On Being Okay (Or Not)

okay
Over 90% of my blog posts reflect my very blessed life: a wonderful husband who is my best friend, three amazingly adorable kids, books, coffee, a home, friends. My life is beautiful, full, and glorious.

Except for when it isn’t.

Every once in a while I feel the need to talk about mental illness. Okay, my mental illness. I’ve been on the flip side and scrolled through amazing blogs where it seems that everything is perfect and wonderful all the time. Times like that I feel like a giant loser, like everyone else is clued in on life and I’m missing out. I wish these blogs/facebook pages/lives had a blooper reel describing piles of laundry that are never conquered, the annoyance of ants munching on crushed goldfish crackers in the kitchen, the pain of hearing your three year old spit out the swear words you let slip in anger, the exhaustion from a constantly nursing toddler, the fear and hurt welling in your breast from a defiant teen, the meaninglessness of every day work tasks, the loneliness of having a wonderful husband but going for months without any semblance of intimacy. But who would read that?  I don’t know who would read that, but I know I have to write it. If I am going to talk about all the good in my life so publicly, then I have to talk about the bad. Otherwise I am fake and there could always be someone like me… out there on the internet… wondering if they are the only ones battling inexplicable sadness in the midst of such a good life. Hence, me writing about things probably better left in a private journal. Oh well.

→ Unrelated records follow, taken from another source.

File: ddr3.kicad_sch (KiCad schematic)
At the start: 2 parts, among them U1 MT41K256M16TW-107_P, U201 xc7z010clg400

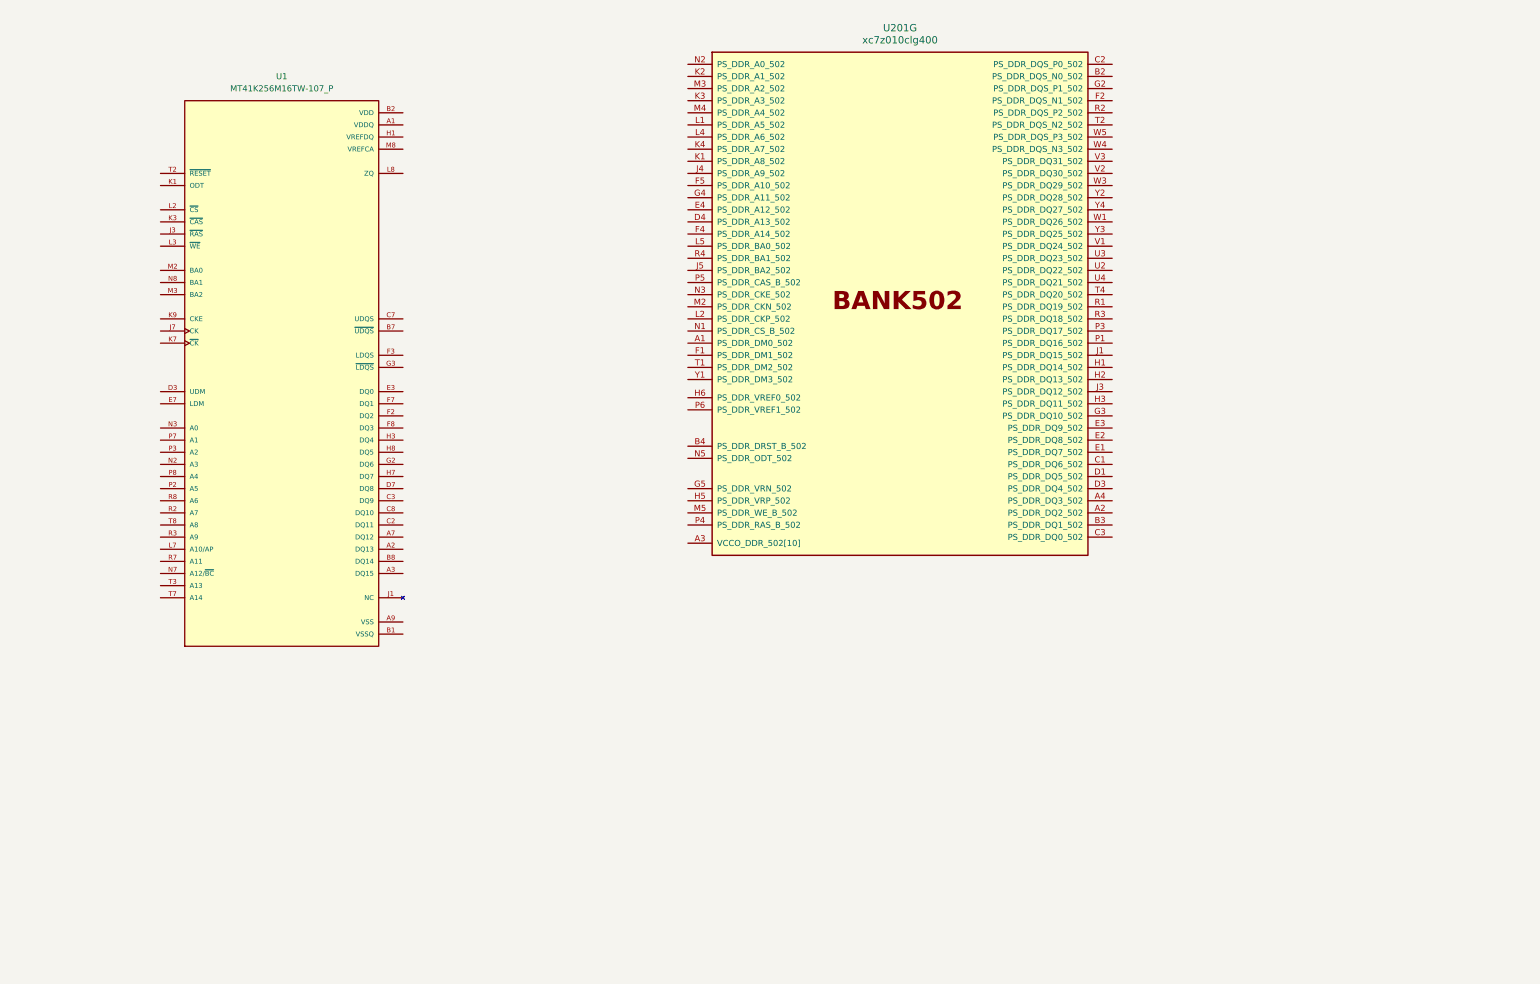
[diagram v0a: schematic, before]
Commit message: feat: finish ddr sch design
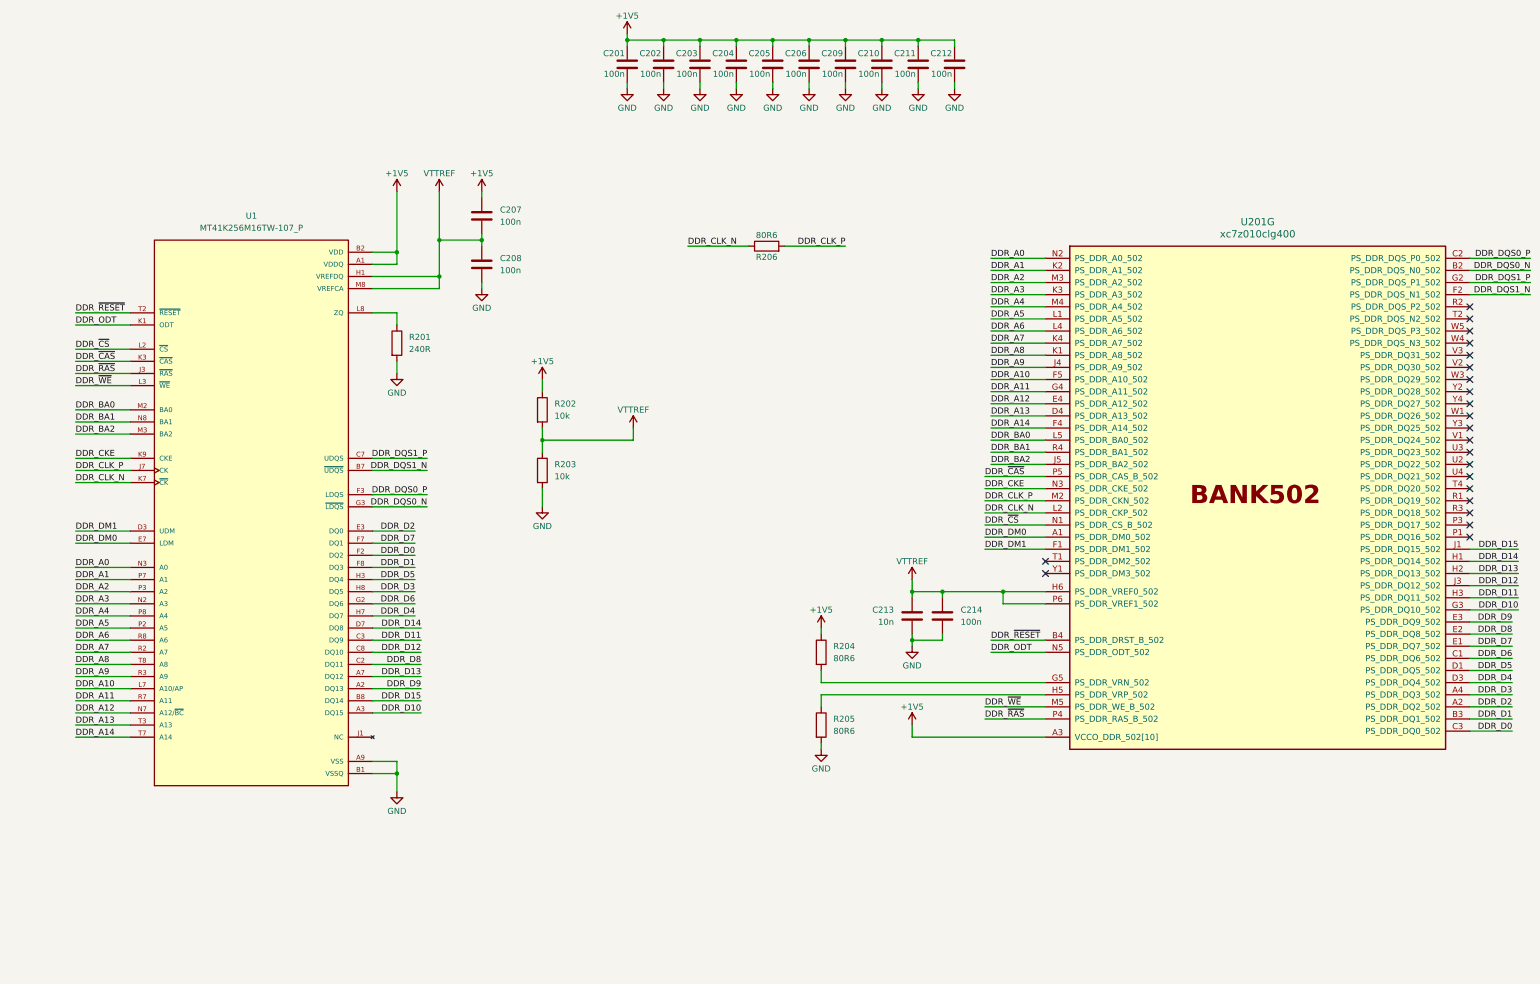
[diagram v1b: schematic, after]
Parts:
- added C201, C202, C203, C204, C205, C206, C207, C208, C209, C210, C211, C212, C214: 100n, Capacitor_SMD:C_0402_1005Metric, symbol Device:C
- added C213: 10n, Capacitor_SMD:C_0402_1005Metric, symbol Device:C
- added R201: 240R, Resistor_SMD:R_0402_1005Metric, symbol Device:R
- added R202, R203: 10k, Resistor_SMD:R_0402_1005Metric, symbol Device:R
- added R204, R205, R206: 80R6, Resistor_SMD:R_0402_1005Metric, symbol Device:R
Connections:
- net VDD is gone; now on net +1V5: U1.B2 (VDD), U1.D9 (VDD), U1.G7 (VDD), U1.K2 (VDD), U1.K8 (VDD), U1.N1 (VDD), U1.N9 (VDD), U1.R1 (VDD), U1.R9 (VDD)
- net VDDQ is gone; now on net +1V5: U1.A1 (VDDQ), U1.A8 (VDDQ), U1.C1 (VDDQ), U1.C9 (VDDQ), U1.D2 (VDDQ), U1.E9 (VDDQ), U1.F1 (VDDQ), U1.H2 (VDDQ), U1.H9 (VDDQ)
- net VSSQ is gone; now on net GND: U1.B1 (VSSQ), U1.B9 (VSSQ), U1.D1 (VSSQ), U1.D8 (VSSQ), U1.E2 (VSSQ), U1.E8 (VSSQ), U1.F9 (VSSQ), U1.G1 (VSSQ), U1.G9 (VSSQ)
- net DDR_DM0: now reaches U201.A1 (PS_DDR_DM0_502)
- net DDR_DM0: now also U1.E7 (LDM)
- net DDR_D2: now reaches U201.A2 (PS_DDR_DQ2_502)
- net DDR_D2: now also U1.E3 (DQ0)
- net +1V5: now reaches U201.A3 (VCCO_DDR_502[10]), U201.D2 (VCCO_DDR_502[10]), U201.E5 (VCCO_DDR_502[10]), U201.G1 (VCCO_DDR_502[10]), U201.H4 (VCCO_DDR_502[10]), U201.L3 (VCCO_DDR_502[10]), U201.P2 (VCCO_DDR_502[10]), U201.R5 (VCCO_DDR_502[10]), U201.U1 (VCCO_DDR_502[10]), U201.V4 (VCCO_DDR_502[10])
- net +1V5: now also C201.1, C202.1, C203.1, C204.1, C205.1, C206.1, C207.1, C209.1, C210.1, C211.1, C212.1, R202.1, R204.1
- net DDR_D3: now reaches U201.A4 (PS_DDR_DQ3_502)
- net DDR_D3: now also U1.H8 (DQ5)
- net DDR_DQS0_N: now reaches U201.B2 (PS_DDR_DQS_N0_502)
- net DDR_DQS0_N: now also U1.G3 (~{LDQS})
- net DDR_D1: now reaches U201.B3 (PS_DDR_DQ1_502)
- net DDR_D1: now also U1.F8 (DQ3)
- net DDR_~{RESET}: now reaches U201.B4 (PS_DDR_DRST_B_502)
- net DDR_~{RESET}: now also U1.T2 (~{RESET})
- net DDR_D6: now reaches U201.C1 (PS_DDR_DQ6_502)
- net DDR_D6: now also U1.G2 (DQ6)
- net DDR_DQS0_P: now reaches U201.C2 (PS_DDR_DQS_P0_502)
- net DDR_DQS0_P: now also U1.F3 (LDQS)
- net DDR_D0: now reaches U201.C3 (PS_DDR_DQ0_502)
- net DDR_D0: now also U1.F2 (DQ2)
- net DDR_D5: now reaches U201.D1 (PS_DDR_DQ5_502)
- net DDR_D5: now also U1.H3 (DQ4)
- net DDR_D4: now reaches U201.D3 (PS_DDR_DQ4_502)
- net DDR_D4: now also U1.H7 (DQ7)
- net DDR_A13: now reaches U201.D4 (PS_DDR_A13_502)
- net DDR_A13: now also U1.T3 (A13)
- net DDR_D7: now reaches U201.E1 (PS_DDR_DQ7_502)
- net DDR_D7: now also U1.F7 (DQ1)
- net DDR_D8: now reaches U201.E2 (PS_DDR_DQ8_502)
- net DDR_D8: now also U1.C2 (DQ11)
- net DDR_D9: now reaches U201.E3 (PS_DDR_DQ9_502)
- net DDR_D9: now also U1.A2 (DQ13)
- net DDR_A12: now reaches U201.E4 (PS_DDR_A12_502)
- net DDR_A12: now also U1.N7 (A12/~{BC})
- net DDR_DM1: now reaches U201.F1 (PS_DDR_DM1_502)
- net DDR_DM1: now also U1.D3 (UDM)
- net DDR_DQS1_N: now reaches U201.F2 (PS_DDR_DQS_N1_502)
- net DDR_DQS1_N: now also U1.B7 (~{UDQS})
- net DDR_A14: now reaches U201.F4 (PS_DDR_A14_502)
- net DDR_A14: now also U1.T7 (A14)
- net DDR_A10: now reaches U201.F5 (PS_DDR_A10_502)
- net DDR_A10: now also U1.L7 (A10/AP)
- net DDR_DQS1_P: now reaches U201.G2 (PS_DDR_DQS_P1_502)
- net DDR_DQS1_P: now also U1.C7 (UDQS)
- net DDR_D10: now reaches U201.G3 (PS_DDR_DQ10_502)
- net DDR_D10: now also U1.A3 (DQ15)
- net DDR_A11: now reaches U201.G4 (PS_DDR_A11_502)
- net DDR_A11: now also U1.R7 (A11)
- net at U201.G5 (PS_DDR_VRN_502): now also R204.2
- net DDR_D14: now reaches U201.H1 (PS_DDR_DQ14_502)
- net DDR_D14: now also U1.D7 (DQ8)
- net DDR_D13: now reaches U201.H2 (PS_DDR_DQ13_502)
- net DDR_D13: now also U1.A7 (DQ12)
- net DDR_D11: now reaches U201.H3 (PS_DDR_DQ11_502)
- net DDR_D11: now also U1.C3 (DQ9)
- net at U201.H5 (PS_DDR_VRP_502): now also R205.1
- net VTTREF: now reaches U201.H6 (PS_DDR_VREF0_502)
- net VTTREF: now also U1.H1 (VREFDQ), U1.M8 (VREFCA), U201.P6 (PS_DDR_VREF1_502), C207.2, C208.1, C213.1, C214.1, R202.2, R203.1
- net DDR_D15: now reaches U201.J1 (PS_DDR_DQ15_502)
- net DDR_D15: now also U1.B8 (DQ14)
- net DDR_D12: now reaches U201.J3 (PS_DDR_DQ12_502)
- net DDR_D12: now also U1.C8 (DQ10)
- net DDR_A9: now reaches U201.J4 (PS_DDR_A9_502)
- net DDR_A9: now also U1.R3 (A9)
- net DDR_BA2: now reaches U201.J5 (PS_DDR_BA2_502)
- net DDR_BA2: now also U1.M3 (BA2)
- net DDR_A8: now reaches U201.K1 (PS_DDR_A8_502)
- net DDR_A8: now also U1.T8 (A8)
- net DDR_A1: now reaches U201.K2 (PS_DDR_A1_502)
- net DDR_A1: now also U1.P7 (A1)
- net DDR_A3: now reaches U201.K3 (PS_DDR_A3_502)
- net DDR_A3: now also U1.N2 (A3)
- net DDR_A7: now reaches U201.K4 (PS_DDR_A7_502)
- net DDR_A7: now also U1.R2 (A7)
- net DDR_A5: now reaches U201.L1 (PS_DDR_A5_502)
- net DDR_A5: now also U1.P2 (A5)
- net DDR_CLK_N: now reaches U201.L2 (PS_DDR_CKP_502)
- net DDR_CLK_N: now also U1.K7 (~{CK}), R206.1
- net DDR_A6: now reaches U201.L4 (PS_DDR_A6_502)
- net DDR_A6: now also U1.R8 (A6)
- net DDR_BA0: now reaches U201.L5 (PS_DDR_BA0_502)
- net DDR_BA0: now also U1.M2 (BA0)
- net DDR_CLK_P: now reaches U201.M2 (PS_DDR_CKN_502)
- net DDR_CLK_P: now also U1.J7 (CK), R206.2
- net DDR_A2: now reaches U201.M3 (PS_DDR_A2_502)
- net DDR_A2: now also U1.P3 (A2)
- net DDR_A4: now reaches U201.M4 (PS_DDR_A4_502)
- net DDR_A4: now also U1.P8 (A4)
- net DDR_~{WE}: now reaches U201.M5 (PS_DDR_WE_B_502)
- net DDR_~{WE}: now also U1.L3 (~{WE})
- net DDR_~{CS}: now reaches U201.N1 (PS_DDR_CS_B_502)
- net DDR_~{CS}: now also U1.L2 (~{CS})
- net DDR_A0: now reaches U201.N2 (PS_DDR_A0_502)
- net DDR_A0: now also U1.N3 (A0)
- net DDR_CKE: now reaches U201.N3 (PS_DDR_CKE_502)
- net DDR_CKE: now also U1.K9 (CKE)
- net DDR_ODT: now reaches U201.N5 (PS_DDR_ODT_502)
- net DDR_ODT: now also U1.K1 (ODT)
- net DDR_~{RAS}: now reaches U201.P4 (PS_DDR_RAS_B_502)
- net DDR_~{RAS}: now also U1.J3 (~{RAS})
- net DDR_~{CAS}: now reaches U201.P5 (PS_DDR_CAS_B_502)
- net DDR_~{CAS}: now also U1.K3 (~{CAS})
- net DDR_BA1: now reaches U201.R4 (PS_DDR_BA1_502)
- net DDR_BA1: now also U1.N8 (BA1)
- net at U1.L8 (ZQ): now also R201.1
- net VSS renamed GND
- net GND: now also C201.2, C202.2, C203.2, C204.2, C205.2, C206.2, C208.2, C209.2, C210.2, C211.2, C212.2, C213.2, C214.2, R201.2, R203.2, R205.2
- no-connect marks 0 -> 22
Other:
- moved on the sheet: U1, U201G

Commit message: feat: finish power sch design
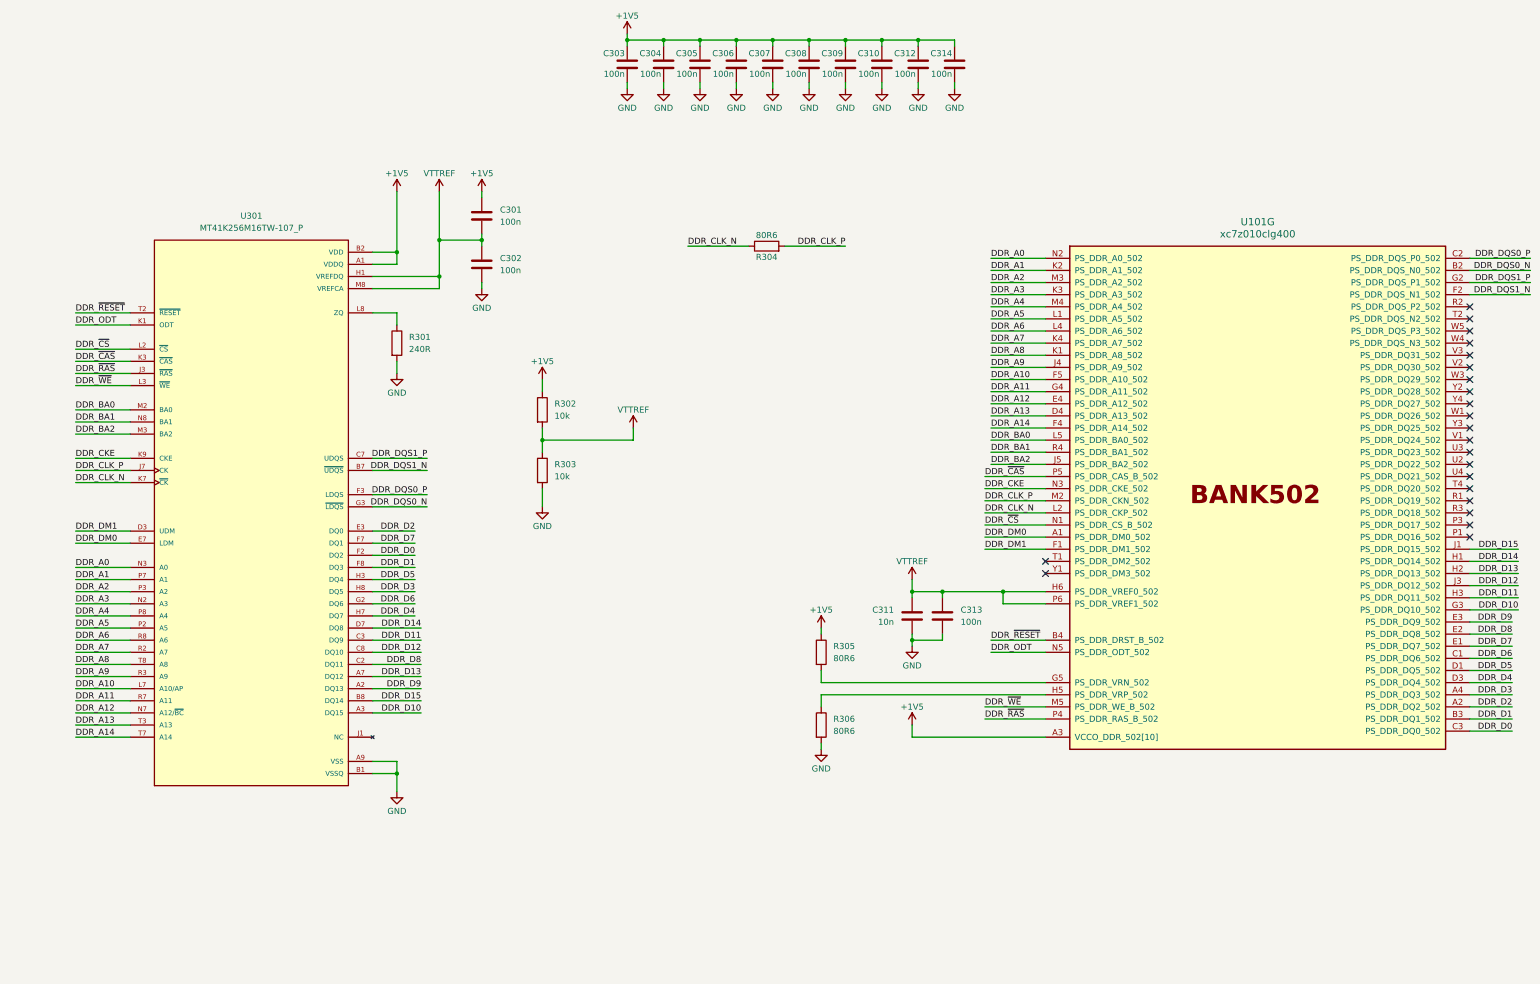
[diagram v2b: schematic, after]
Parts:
- renumbered C207 to C301, C208 to C302, C201 to C303, C202 to C304, C203 to C305, C204 to C306, C205 to C307, C206 to C308, C209 to C309, C210 to C310, C213 to C311, C211 to C312, C214 to C313, C212 to C314, R201 to R301, R202 to R302, R203 to R303, R206 to R304, R204 to R305, R205 to R306, U201 to U101, U1 to U301

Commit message: feat: continue ps mio sch design
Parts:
- renumbered U101 to U201
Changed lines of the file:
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@@
 		(dnp no)
 		(fields_autoplaced yes)
-		(property "Reference" "U101"
+		(property "Reference" "U201"
 			(at 293.37 67.31 0)
 			(show_name no)
@@
 			(project "ZYNQ-SoM"
 				(path "/49bbd0e9-23a3-4368-9660-7ba6c337a59d/947e469f-e1e3-460e-9031-ccc4285a0168"
-					(reference "U101")
+					(reference "U201")
 					(unit 7)
 				)

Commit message: feat: continue improve sch design
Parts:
- removed R303: 10k, Resistor_SMD:R_0402_1005Metric, symbol Device:R
- added C315: 10u, Capacitor_SMD:C_0805_2012Metric, symbol Device:C
- added C317, C321, C322: 100n, Capacitor_SMD:C_0402_1005Metric, symbol Device:C
- added R307, R308, R309, R310, R311, R312, R313, R314, R315, R316, R317, R318, R319, R320, R321, R322, R323, R324, R325, R326, R327, R328, R329, R330: 40R2, Resistor_SMD:R_0402_1005Metric, symbol Device:R
- R302: value 10k -> 4k7
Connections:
- net +1V5: no longer R302.1
- net DDR_A0: now also R307.1
- net DDR_A1: now also R308.1
- net DDR_A10: now also R317.1
- net DDR_A11: now also R318.1
- net DDR_A12: now also R319.1
- net DDR_A13: now also R320.1
- net DDR_A14: now also R321.1
- net DDR_A2: now also R309.1
- net DDR_A3: now also R310.1
- net DDR_A4: now also R311.1
- net DDR_A5: now also R312.1
- net DDR_A6: now also R313.1
- net DDR_A7: now also R314.1
- net DDR_A8: now also R315.1
- net DDR_A9: now also R316.1
- net DDR_BA0: now also R322.1
- net DDR_BA1: now also R323.1
- net DDR_BA2: now also R324.1
- net DDR_CKE: now also R330.1
- net DDR_ODT: now also R326.1
- net DDR_~{CAS}: now also R329.1
- net DDR_~{CS}: now also R325.1
- net DDR_~{RAS}: now also R328.1
- net DDR_~{RESET}: now also R302.1
- net DDR_~{WE}: now also R327.1
- net GND: now also R302.2, C315.2, C317.2, C321.2, C322.2
- net VTTREF: no longer C301.2, C302.1, R302.2, U301.H1 (VREFDQ), U301.M8 (VREFCA)
- new net +DDRVTT: C315.1, C317.1, C321.1, C322.1, R307.2, R308.2, R309.2, R310.2, R311.2, R312.2, R313.2, R314.2, R315.2, R316.2, R317.2, R318.2, R319.2, R320.2, R321.2, R322.2, R323.2, R324.2, R325.2, R326.2, R327.2, R328.2, R329.2, R330.2
- new net +VTTREF: C301.2, C302.1, U301.H1 (VREFDQ), U301.M8 (VREFCA)

Everyone, EVERYONE, has bad days. And many people, MANY PEOPLE, endure worse days than this. My children are healthy, my husband and I have jobs, I have food and water and coffee! Yes, my life is beautiful, full, and glorious. BLESSED.

That is what makes clinical depression so insidious. There may be a bunch of small stresses and annoyances that trigger depression. Or there could be not a single damn thing wrong. The average, every day stuff has the ability to completely debilitate me. I can feel angry, hurt, sad, worthless, and bent on destruction for no damn reason. Then that adds on guilt. I should be okay. Things should be okay. But they’re not okay. I am really good at hiding when things aren’t okay. I’m pretty sure Sam is the only one who knows how not okay I am. When we have to have discussions about when and if I should go to the hospital or who I should call if things get bad or yes, bathing still should happen every day and how that constant drum in my heart that echoes “bad mom bad mom bad mom” isn’t true. When I think about how outwardly competent I can be at work (I’m getting things done!), how outwardly loving I can parent (hugs and cuddles!), how outwardly altruistic I can be at church (I will volunteer for everything!), how outwardly tender and loving I am (no hate, no guns, no meat, love for all!), how I pour so much energy in being okay, looking okay, acting okay, I am pretty amazed at how well you all buy it. Why do I fake being okay? Because nothing fucks up a kid’s life quicker than a parent who isn’t okay. I love my children more than anything and I don’t want to mess this parenting thing up.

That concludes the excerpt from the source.